April 23rd, 2009 Posted in Weight Loss | No Comments »

Remember when you were a kid and you brought home an excellent report card? You knew that your high grades would earn praise from your parents, and you looked forward to hearing what a good student you were. The quarters that you’d get from Grandpa weren’t bad, either.

All of us like to be recognized for what we do well. This is just as true when we’re trying to lose weight as when we earned an “A” in arithmetic.

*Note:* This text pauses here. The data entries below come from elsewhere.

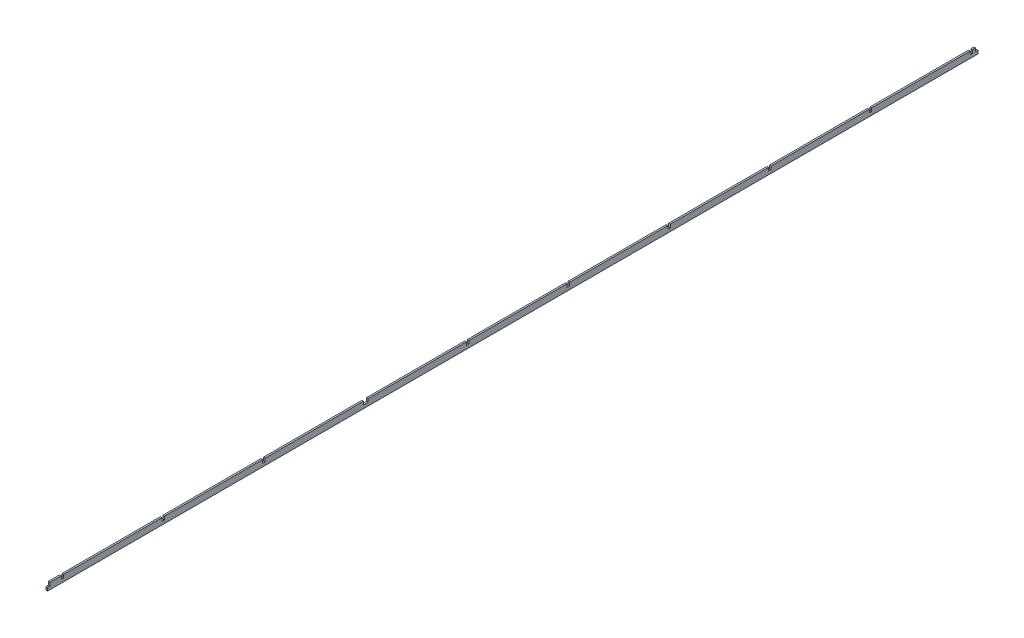
SolidWorks part; units mm, degrees
material "轻木"
ref_plane "前视基准面" through (0, 0, 0) normal (0, 0, 1) x (1, 0, 0)
ref_plane "上视基准面" through (0, 0, 0) normal (0, 1, 0) x (1, 0, 0)
ref_plane "右视基准面" through (0, 0, 0) normal (1, 0, 0) x (0, 0, -1)
other "Configuration Table"
sketch "草图1" plane through (0, 0, -111.99) normal (0, 0, 1) x (1, 0, 0)
  line L1 (87.0376, -2.9396) -> (85.0376, -2.9396)
  line L2 (87.0376, -2.9396) -> (87.0376, 5.0604)
  line L3 (87.0376, 5.0604) -> (85.0376, 5.0604)
  line L4 (85.0376, -2.9396) -> (85.0376, 5.0604)
  dimension "D1" = 8
  dimension "D2" = 2
extrude "凸台-拉伸1" add sketch "草图1" along normal blind 1155
sketch "草图2" plane through (87.0376, 0, 0) normal (1, 0, 0) x (0, 0, -1)
  line L1 (111.99, 5.0604) -> (108.99, 5.0604)
  line L2 (111.99, 5.0604) -> (111.99, 1.0604)
  line L3 (111.99, 1.0604) -> (108.99, 1.0604)
  line L4 (108.99, 5.0604) -> (108.99, 1.0604)
  line L5 (108.99, -2.1592) -> (108.99, -2.9396) construction
  line L6 (-1043.01, 5.0604) -> (111.99, 5.0604) construction
  line L7 (111.99, -0.9531) -> (111.99, 24.194) construction
  line L8 (104.99, -0.9531) -> (104.99, 25.7817) construction
  line L13 (104.99, 5.0604) -> (101.99, 5.0604)
  line L38 (104.99, 5.0604) -> (104.99, 1.0194)
  line L55 (-20.01, 5.0604) -> (-23.01, 5.0604)
  line L61 (104.99, 1.0194) -> (101.99, 1.0194)
  line L62 (-20.01, 5.0604) -> (-20.01, 1.0194)
  line L63 (-20.01, 1.0194) -> (-23.01, 1.0194)
  line L64 (101.99, 5.0604) -> (101.99, 1.0194)
  line L65 (-23.01, 5.0604) -> (-23.01, 1.0194)
  line L66 (104.99, 5.0604) -> (-20.01, 5.0604) construction
  line L67 (-145.01, 5.0604) -> (-148.01, 5.0604)
  line L68 (-145.01, 5.0604) -> (-145.01, 1.0194)
  line L69 (-145.01, 1.0194) -> (-148.01, 1.0194)
  line L70 (-148.01, 5.0604) -> (-148.01, 1.0194)
  line L71 (-270.01, 5.0604) -> (-273.01, 5.0604)
  line L72 (-270.01, 5.0604) -> (-270.01, 1.0194)
  line L73 (-270.01, 1.0194) -> (-273.01, 1.0194)
  line L74 (-273.01, 5.0604) -> (-273.01, 1.0194)
  line L75 (-395.01, 5.0604) -> (-398.01, 5.0604)
  line L76 (-395.01, 5.0604) -> (-395.01, 1.0194)
  line L77 (-395.01, 1.0194) -> (-398.01, 1.0194)
  line L78 (-398.01, 5.0604) -> (-398.01, 1.0194)
  line L79 (-520.01, 5.0604) -> (-523.01, 5.0604)
  line L80 (-520.01, 5.0604) -> (-520.01, 1.0194)
  line L81 (-520.01, 1.0194) -> (-523.01, 1.0194)
  line L82 (-523.01, 5.0604) -> (-523.01, 1.0194)
  line L83 (-645.01, 5.0604) -> (-648.01, 5.0604)
  line L84 (-645.01, 5.0604) -> (-645.01, 1.0194)
  line L85 (-645.01, 1.0194) -> (-648.01, 1.0194)
  line L86 (-648.01, 5.0604) -> (-648.01, 1.0194)
  line L87 (-773.01, 5.0604) -> (-773.01, 1.0194)
  line L88 (-648.01, 5.0604) -> (-651.01, 5.0604)
  line L89 (-648.01, 5.0604) -> (-648.01, 1.0194)
  line L90 (-648.01, 1.0194) -> (-651.01, 1.0194)
  line L91 (-651.01, 5.0604) -> (-651.01, 1.0194)
  line L92 (-773.01, 5.0604) -> (-776.01, 5.0604)
  line L93 (-773.01, 5.0604) -> (-773.01, 1.0194)
  line L94 (-773.01, 1.0194) -> (-776.01, 1.0194)
  line L95 (-776.01, 5.0604) -> (-776.01, 1.0194)
  line L96 (-898.01, 5.0604) -> (-898.01, 1.0194)
  line L97 (-898.01, 5.0604) -> (-901.01, 5.0604)
  line L98 (-898.01, 5.0604) -> (-898.01, 1.0194)
  line L99 (-898.01, 1.0194) -> (-901.01, 1.0194)
  line L100 (-901.01, 5.0604) -> (-901.01, 1.0194)
  line L101 (-1023.01, 5.0604) -> (-1023.01, 1.0194)
  line L102 (-1023.01, 5.0604) -> (-1026.01, 5.0604)
  line L103 (-1023.01, 5.0604) -> (-1023.01, 1.0194)
  line L104 (-1023.01, 1.0194) -> (-1026.01, 1.0194)
  line L105 (-1026.01, 5.0604) -> (-1026.01, 1.0194)
  line L106 (-648.01, 5.0604) -> (-773.01, 5.0604) construction
  line L108 (-1040.01, 3.6429) -> (-1040.01, 0.5929) construction
  line L109 (-1043.01, -2.9396) -> (-1043.01, 5.0604) construction
  line L110 (-1040.01, 1.0194) -> (-1043.01, 1.0194)
  line L111 (-1040.01, 1.0194) -> (-1040.01, 5.0604)
  line L112 (-1040.01, 5.0604) -> (-1043.01, 5.0604)
  line L113 (-1043.01, 1.0194) -> (-1043.01, 5.0604)
  line M5 (111.99, -2.9396) -> (111.99, 5.0604)
  line M6 (111.99, 5.0604) -> (-1043.01, 5.0604)
  line M7 (-1043.01, 5.0604) -> (-1043.01, -2.9396)
  dimension "D1" = 125
  dimension "D2" = 7
  dimension "D4" = 4
  dimension "D5" = 4
  dimension "D3" = 125
extrude "切除-拉伸1" cut sketch "草图2" against normal through all contours L110 L111 M6 M7 | L105 L104 L101 M6 | L100 L99 L96 M6 | L95 L94 L87 M6 | L91 L90 L86 M6 | L86 L85 L84 M6 | L82 L81 L80 M6 | L78 L77 L76 M6 | L74 L73 L72 M6 | L70 L69 L68 M6 | L65 L63 L62 M6 | L64 L61 L38 M6 | L4 L3 M6 M5

Some of the most memorable rewards that you receive will come from others. But even more important are the rewards that you give yourself.

Remember the first commandment, “Believe in yourself”? When you acknowledge each weight-loss goal that you have achieved, you are honoring the commitment and hard work that you’ve put into creating a new, healthier life for yourself. You don’t have to wait for the big, “I-lost-75-pounds!” sorts of goals, either. Something as small as adding an extra mile to your daily walk or not eating french fries for a week can be cause for celebration.

So go ahead! Take a half-day off from work. Go shopping. Get a manicure. Buy tickets to the Yankees game. Do something that you really love but don’t usually make the time to do.

When you reward yourself for a job well-done, you reinforce your belief in yourself and tell yourself that you’re proud of what you’ve accomplished. It makes you want to do more, to see how far you can go. And that’s what living life to the fullest is all about.